(DATASET CONTENT Opens)

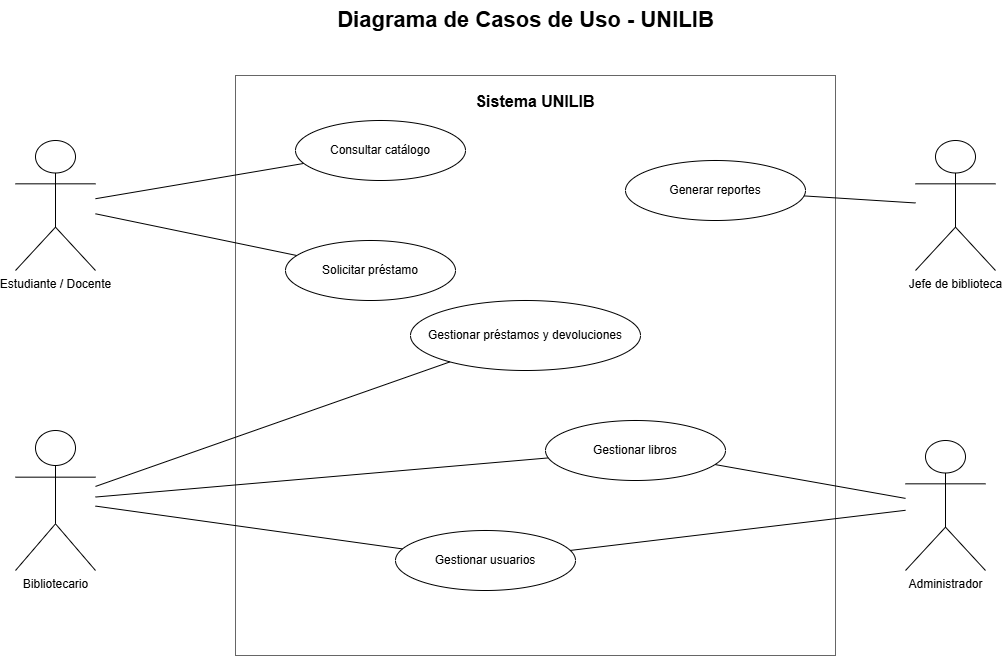

The diagram above was exported from draw.io. Its source (the exported page's mxGraphModel, read from the mxfile embedded in the PNG):
<mxGraphModel dx="1373" dy="835" grid="1" gridSize="10" guides="1" tooltips="1" connect="1" arrows="1" fold="1" page="1" pageScale="1" pageWidth="1169" pageHeight="827" math="0" shadow="0">
  <root>
    <mxCell id="0" />
    <mxCell id="1" parent="0" />
    <mxCell id="n2" parent="1" style="text;html=1;strokeColor=none;fillColor=none;fontSize=22;fontStyle=1;align=center;verticalAlign=middle;" value="Diagrama de Casos de Uso - UNILIB" vertex="1">
      <mxGeometry height="40" width="700" x="230" y="20" as="geometry" />
    </mxCell>
    <mxCell id="n3" parent="1" style="rounded=0;whiteSpace=wrap;html=1;fillColor=none;strokeColor=#666666;fontSize=16;fontStyle=1;verticalAlign=top;spacingTop=10;" value="Sistema UNILIB" vertex="1">
      <mxGeometry height="580" width="600" x="290" y="95" as="geometry" />
    </mxCell>
    <mxCell id="n4" parent="1" style="shape=umlActor;verticalLabelPosition=bottom;verticalAlign=top;html=1;outlineConnect=0;fontSize=12;" value="Estudiante / Docente" vertex="1">
      <mxGeometry height="130" width="80" x="70" y="160" as="geometry" />
    </mxCell>
    <mxCell id="n5" parent="1" style="shape=umlActor;verticalLabelPosition=bottom;verticalAlign=top;html=1;outlineConnect=0;fontSize=12;" value="Bibliotecario" vertex="1">
      <mxGeometry height="140" width="80" x="70" y="450" as="geometry" />
    </mxCell>
    <mxCell id="n6" parent="1" style="shape=umlActor;verticalLabelPosition=bottom;verticalAlign=top;html=1;outlineConnect=0;fontSize=12;" value="Jefe de biblioteca" vertex="1">
      <mxGeometry height="130" width="80" x="970" y="160" as="geometry" />
    </mxCell>
    <mxCell id="n7" parent="1" style="shape=umlActor;verticalLabelPosition=bottom;verticalAlign=top;html=1;outlineConnect=0;fontSize=12;" value="Administrador" vertex="1">
      <mxGeometry height="130" width="80" x="960" y="460" as="geometry" />
    </mxCell>
    <mxCell id="n8" parent="1" style="ellipse;whiteSpace=wrap;html=1;fillColor=#ffffff;strokeColor=#000000;fontSize=12;" value="Consultar catálogo" vertex="1">
      <mxGeometry height="60" width="170" x="350" y="140" as="geometry" />
    </mxCell>
    <mxCell id="n9" parent="1" style="ellipse;whiteSpace=wrap;html=1;fillColor=#ffffff;strokeColor=#000000;fontSize=12;" value="Solicitar préstamo" vertex="1">
      <mxGeometry height="60" width="170" x="340" y="260" as="geometry" />
    </mxCell>
    <mxCell id="n10" parent="1" style="ellipse;whiteSpace=wrap;html=1;fillColor=#ffffff;strokeColor=#000000;fontSize=12;" value="Gestionar préstamos y devoluciones" vertex="1">
      <mxGeometry height="70" width="230" x="465" y="320" as="geometry" />
    </mxCell>
    <mxCell id="n11" parent="1" style="ellipse;whiteSpace=wrap;html=1;fillColor=#ffffff;strokeColor=#000000;fontSize=12;" value="Gestionar usuarios" vertex="1">
      <mxGeometry height="60" width="180" x="450" y="550" as="geometry" />
    </mxCell>
    <mxCell id="n12" parent="1" style="ellipse;whiteSpace=wrap;html=1;fillColor=#ffffff;strokeColor=#000000;fontSize=12;" value="Gestionar libros" vertex="1">
      <mxGeometry height="60" width="180" x="600" y="440" as="geometry" />
    </mxCell>
    <mxCell id="n13" parent="1" style="ellipse;whiteSpace=wrap;html=1;fillColor=#ffffff;strokeColor=#000000;fontSize=12;" value="Generar reportes" vertex="1">
      <mxGeometry height="60" width="180" x="680" y="180" as="geometry" />
    </mxCell>
    <mxCell id="n14" edge="1" parent="1" source="n4" style="endArrow=none;html=1;" target="n8" value="">
      <mxGeometry relative="1" as="geometry" />
    </mxCell>
    <mxCell id="n15" edge="1" parent="1" source="n4" style="endArrow=none;html=1;" target="n9" value="">
      <mxGeometry relative="1" as="geometry" />
    </mxCell>
    <mxCell id="n16" edge="1" parent="1" source="n5" style="endArrow=none;html=1;" target="n10" value="">
      <mxGeometry relative="1" as="geometry" />
    </mxCell>
    <mxCell id="n17" edge="1" parent="1" source="n5" style="endArrow=none;html=1;" target="n11" value="">
      <mxGeometry relative="1" as="geometry" />
    </mxCell>
    <mxCell id="n18" edge="1" parent="1" source="n5" style="endArrow=none;html=1;" target="n12" value="">
      <mxGeometry relative="1" as="geometry" />
    </mxCell>
    <mxCell id="n19" edge="1" parent="1" source="n6" style="endArrow=none;html=1;" target="n13" value="">
      <mxGeometry relative="1" as="geometry" />
    </mxCell>
    <mxCell id="n20" edge="1" parent="1" source="n7" style="endArrow=none;html=1;" target="n11" value="">
      <mxGeometry relative="1" as="geometry" />
    </mxCell>
    <mxCell id="n21" edge="1" parent="1" source="n7" style="endArrow=none;html=1;" target="n12" value="">
      <mxGeometry relative="1" as="geometry" />
    </mxCell>
  </root>
</mxGraphModel>

(DATASET CONTENT Closes)

→ **WHAT TO WORK ON**
Identify each line in the records above that contains the word "page", and copy it out in full.

→ **ANSWER SPACE**
The diagram above was exported from draw.io. Its source (the exported page's mxGraphModel, read from the mxfile embedded in the PNG):
<mxGraphModel dx="1373" dy="835" grid="1" gridSize="10" guides="1" tooltips="1" connect="1" arrows="1" fold="1" page="1" pageScale="1" pageWidth="1169" pageHeight="827" math="0" shadow="0">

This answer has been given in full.